*** Block opens ***
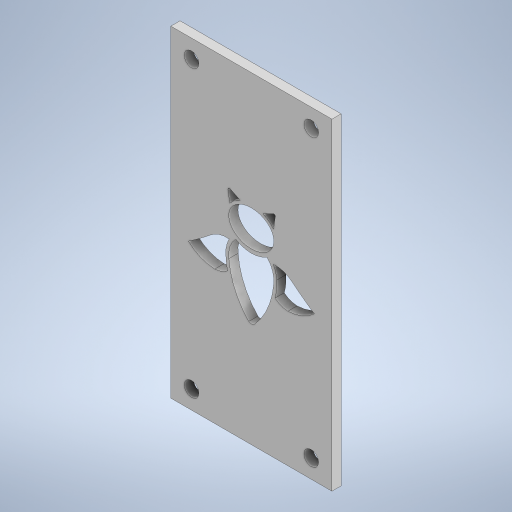
# Autodesk Inventor part: lid
Saved by Autodesk Inventor 2024 (Build 280153000, 153)
## iProperties
Created: 2023-11-10
Part Number: lid
Material: 一般
Document SubType Name: Modeling
Designer: Kota Taga
Density: 1 g/cm^3
Appearance: 既定
Author: Kota Taga
## iProperties of the stored document lid_3D プリント.ipt
Created: 2023-11-10
Part Number: lid_3D プリント
Material: 一般
Document SubType Name: Modeling
Designer: Kota Taga
Density: 1 g/cm^3
Appearance: 既定
Author: Kota Taga
Autodesk Inventor part; units mm, degrees
ref_plane "YZ Plane" through (0, 0, 0) normal (1, 0, 0) x (0, 1, 0)
ref_plane "XZ Plane" through (0, 0, 0) normal (0, 1, 0) x (-1, 0, 0)
ref_plane "XY Plane" through (0, 0, 0) normal (0, 0, 1) x (1, 0, 0)
sketch "スケッチ1" plane through (0, 0, 0) normal (0, 0, 1) x (1, 0, 0)
  line L0 (-19.75, 35) -> (19.75, 35)
  line L1 (19.75, 35) -> (19.75, -35)
  line L2 (19.75, -35) -> (-19.75, -35)
  line L3 (-19.75, -35) -> (-19.75, 35)
  line L4 (-27.65, 0) -> (27.65, 0) projected
  line L5 (0, -49) -> (0, 49) projected
  point P0 (0, 0)
  dimension "d0" = 39.5
  dimension "d1" = 70
  constraints: 8 end point, 2 parallel, 1 horizontal, 1 perpendicular, 2 other
  measures "d0" distance of L0.start L0.end
  measures "d1" distance of L0.end L1.end
extrude "押し出し1" add sketch "スケッチ1" along normal blind 2
sketch "スケッチ2" plane through (0, 0, 2) normal (0, 0, 1) x (1, 0, 0)
  line L0 (19.75, 35) -> (-19.75, 35) projected
  line L1 (-19.75, 35) -> (70.2885, 35) construction
  line L2 (70.2885, 35) -> (70.2885, -4.6911) construction
  line L3 (70.2885, -4.6911) -> (-19.75, -4.6911) construction
  line L4 (-19.75, -4.6911) -> (-19.75, 35) construction
  line L5 (-19.75, -35) -> (19.75, -35) projected
  point P0 (0, 0)
  dimension "d24" = 30.3089
  constraints: 2 other
  measures "d24" distance between parallel lines of L5 L3
sketch "スケッチ3" plane through (0, 0, 2) normal (0, 0, 1) x (1, 0, 0)
  arc A0 (-3.4095, 1.9716) -> (3.3759, 1.9716) centre (-0.0168, 7.4667) ccw
  arc A1 (-2.4389, 9.7787) -> (-4.7032, 8.0756) centre (-0.3535, 4.6495) ccw
  arc A2 (4.7988, 7.9483) -> (2.4955, 9.7159) centre (0.732, 5.0335) ccw
  arc A3 (-4.6829, 10.8815) -> (-5.087, 10.5506) centre (-4.7267, 10.5227) ccw
  line L0 (-5.087, 10.5506) -> (-4.7032, 8.0756)
  line L1 (-4.6829, 10.8815) -> (-2.4389, 9.7787)
  arc A4 (5.2, 10.5955) -> (4.8431, 10.8815) centre (4.8669, 10.5454) ccw
  line L2 (5.2, 10.5955) -> (4.7988, 7.9483)
  line L3 (2.4955, 9.7159) -> (4.8431, 10.8815)
  ellipse E0 centre (-0.0168, 5.6987) end of major axis (-0.0168, 9.5622) minor radius 4.9125
  arc A5 (-3.4095, 1.9716) -> (-4.8951, -2.438) centre (0.3318, -1.7439) ccw
  arc A6 (-4.8951, -2.438) -> (-0.5921, -12.1143) centre (10.9649, -1.1801) ccw
  arc A7 (-0.5921, -12.1143) -> (0.5903, -12.1143) centre (-0.0009, -11.1325) ccw
  arc A8 (0.5903, -12.1143) -> (4.8431, -2.438) centre (-11.633, -0.9693) ccw
  arc A9 (4.8431, -2.438) -> (3.3759, 1.9716) centre (-0.3664, -1.7225) ccw
  arc A10 (-13.6829, -3.5408) -> (-8.9969, -0.0623) centre (-49.5985, 49.739) ccw
  arc A11 (-4.8311, 1.2871) -> (-8.9969, -0.0623) centre (-5.3873, -4.1006) ccw
  arc A12 (-4.8311, 1.2871) -> (-5.5346, -2.0499) centre (0.4254, -1.5637) ccw
  arc A13 (-5.5346, -2.0499) -> (-5.1537, -4.8603) centre (5.3624, -2.004) ccw
  arc A14 (-13.6829, -3.5408) -> (-7.9463, -5.9228) centre (-7.6688, 2.8445) ccw
  arc A15 (-7.9463, -5.9228) -> (-5.1537, -4.8603) centre (-8.0736, -1.3869) ccw
  line L4 (-0.3527, 5.2511) -> (-0.3527, -27.0056)
  arc A16 (8.9799, -0.0623) -> (13.666, -3.5408) centre (49.5815, 49.739) ccw
  arc A17 (8.9799, -0.0623) -> (4.7845, 1.3168) centre (5.3378, -4.0712) ccw
  arc A18 (5.5023, -1.2772) -> (4.7845, 1.3168) centre (-0.472, -1.534) ccw
  arc A19 (5.1368, -4.8603) -> (5.5023, -1.2772) centre (-5.409, -1.9744) ccw
  arc A20 (7.9294, -5.9228) -> (13.666, -3.5408) centre (7.6518, 2.8445) ccw
  arc A21 (5.1368, -4.8603) -> (7.9294, -5.9228) centre (8.0567, -1.3869) ccw
  line L5 (-19.75, -35) -> (19.75, -35) projected
  line L6 (19.75, 35) -> (-19.75, 35) projected
  line L7 (19.75, -35) -> (19.75, 35) projected
  line L8 (-19.75, 35) -> (-19.75, -35) projected
  point P0 (0, 0)
  point P1 (3.7782, 9.0029)
  point P2 (5.2, 10.5955)
  dimension "d27" = 1.768
  dimension "d28" = 1.0492
  dimension "d29" = 3.3042
  dimension "d30" = 29.3013
  dimension "d31" = 9.7993
  dimension "d46" = 6.084
  constraints: 46 point on circle, 22 centre point, 10 end point, 1 vertical, 2 other
  measures "d27" distance of A0.centre point (-0.017, 5.699)
  measures "d28" vertical distance of point (-0.017, 5.699) A1.centre
  measures "d29" vertical distance of point (-0.017, 5.699) point (3.778, 9.003)
  measures "d30" distance from line of L6 point (-0.017, 5.699)
  measures "d31" vertical distance of A11.centre point (-0.017, 5.699)
  measures "d46" distance from line of L7 A16.end
extrude "押し出し2" cut sketch "スケッチ3" against normal up to surface (2 mm away) contours E0 | A0 L4 A7 A6 A5 | A0 A9 A8 A7 L4 | A1 L0 A3 L1 | A2 L3 A4 L2 | A10 A11 A12 A13 A15 A14 | A16 A20 A21 A19 A18 A17
sketch "スケッチ4" plane through (0, 0, 2) normal (0, 0, 1) x (1, 0, 0)
  circle A0 centre (-13, 31) radius 1.6
  line L0 (19.75, 35) -> (-19.75, 35) projected
  line L1 (-19.75, 35) -> (-19.75, -35) projected
  line L2 (-37.7577, 0) -> (88.2962, 0) projected
  line L3 (0, -49) -> (0, 49) projected
  circle A1 centre (13, 31) radius 1.6
  circle A2 centre (-13, -31) radius 1.6
  circle A3 centre (13, -31) radius 1.6
  point P0 (0, 0)
  dimension "d35" = 4
  dimension "d37" = 3.2
  dimension "d49" = 26
  constraints: 4 centre point, 3 symmetric about line, 3 other
  measures "d35" distance from line of L0 A0.centre
  measures "d37" diameter of A0
  measures "d49" distance of A1.centre A0.centre
extrude "押し出し3" cut sketch "スケッチ4" against normal up to surface (2 mm away) contours A0 | A1 | A2 | A3
sketch "スケッチ5" plane through (0, 0, 2) normal (0, 0, 1) x (1, 0, 0)
  line L0 (-19.75, 35) -> (-19.75, -35) projected
  line L1 (-19.75, 35) -> (-20.75, 35)
  line L2 (-20.75, 35) -> (-20.75, -35)
  line L3 (-20.75, -35) -> (-19.75, -35)
  line L4 (-19.75, -35) -> (-19.75, 35)
  line L5 (19.75, -35) -> (19.75, 35) projected
  line L6 (19.75, 35) -> (20.75, 35)
  line L7 (20.75, 35) -> (20.75, -35)
  line L8 (20.75, -35) -> (19.75, -35)
  line L9 (19.75, -35) -> (19.75, 35)
  point P0 (0, 0)
  dimension "d40" = 1
  dimension "d41" = 1
  constraints: 16 end point, 4 parallel, 2 horizontal, 2 perpendicular, 1 point on line
  measures "d40" distance of L3.end L2.end
  measures "d41" distance of L7.end L8.end
extrude "押し出し4" add sketch "スケッチ5" against normal up to surface (2 mm away)
sketch "スケッチ6" plane through (0, 0, 2) normal (0, 0, 1) x (1, 0, 0)
  line L0 (-12, 12) -> (12, 12)
  line L1 (12, 12) -> (12, -12)
  line L2 (12, -12) -> (-12, -12)
  line L3 (-12, -12) -> (-12, 12)
  line L4 (-38.9577, 0) -> (88.4962, 0) projected
  line L5 (0, -49) -> (0, 49) projected
  point P0 (0, 0)
  dimension "d44" = 24
  dimension "d45" = 24
  constraints: 8 end point, 2 parallel, 1 horizontal, 1 perpendicular, 2 other
  measures "d44" distance of L1.end L2.end
  measures "d45" distance of L0.end L1.end
sketch "スケッチ7" plane through (0, 0, 2) normal (0, 0, 1) x (1, 0, 0)
  line L0 (20.75, 35) -> (-20.75, 35) projected
  line L1 (-20.75, -35) -> (20.75, -35) projected
  line L2 (-17.5, 35) -> (17.5, 35)
  line L3 (17.5, 35) -> (17.5, -35)
  line L4 (17.5, -35) -> (-17.5, -35)
  line L5 (-17.5, -35) -> (-17.5, 35)
  line L6 (-38.9577, 0) -> (88.4962, 0) projected
  line L7 (0, -49) -> (0, 49) projected
  line L8 (-20.75, 35) -> (-20.75, -35) projected
  line L9 (-17.5, 35) -> (-20.75, 35)
  line L10 (-20.75, 35) -> (-20.75, -35)
  line L11 (-20.75, -35) -> (-17.5, -35)
  line L12 (-17.5, -35) -> (-17.5, 35)
  line L13 (17.5, -35) -> (20.75, -35)
  line L14 (20.75, -35) -> (20.75, 35)
  line L15 (20.75, 35) -> (17.5, 35)
  line L16 (17.5, 35) -> (17.5, -35)
  point P0 (0, 0)
  point P1 (20.75, -35)
  dimension "d50" = 35
  constraints: 24 end point, 6 parallel, 3 horizontal, 3 perpendicular, 2 point on line, 1 other
  measures "d50" distance between parallel lines of L3 L5
extrude "押し出し5" cut sketch "スケッチ7" against normal up to surface (2 mm away) contours L14 L6 L3 L0 | L14 L1 L3 L6 | L5 L6 L8 L0 | L5 L1 L8 L6
*** Block closes ***
__AIM OF THE EXERCISE__:
All lines of the records containing "parallel" should be shown.

__TASK SOLUTION__:
  constraints: 8 end point, 2 parallel, 1 horizontal, 1 perpendicular, 2 other
  measures "d24" distance between parallel lines of L5 L3
  constraints: 16 end point, 4 parallel, 2 horizontal, 2 perpendicular, 1 point on line
  constraints: 8 end point, 2 parallel, 1 horizontal, 1 perpendicular, 2 other
  constraints: 24 end point, 6 parallel, 3 horizontal, 3 perpendicular, 2 point on line, 1 other
  measures "d50" distance between parallel lines of L3 L5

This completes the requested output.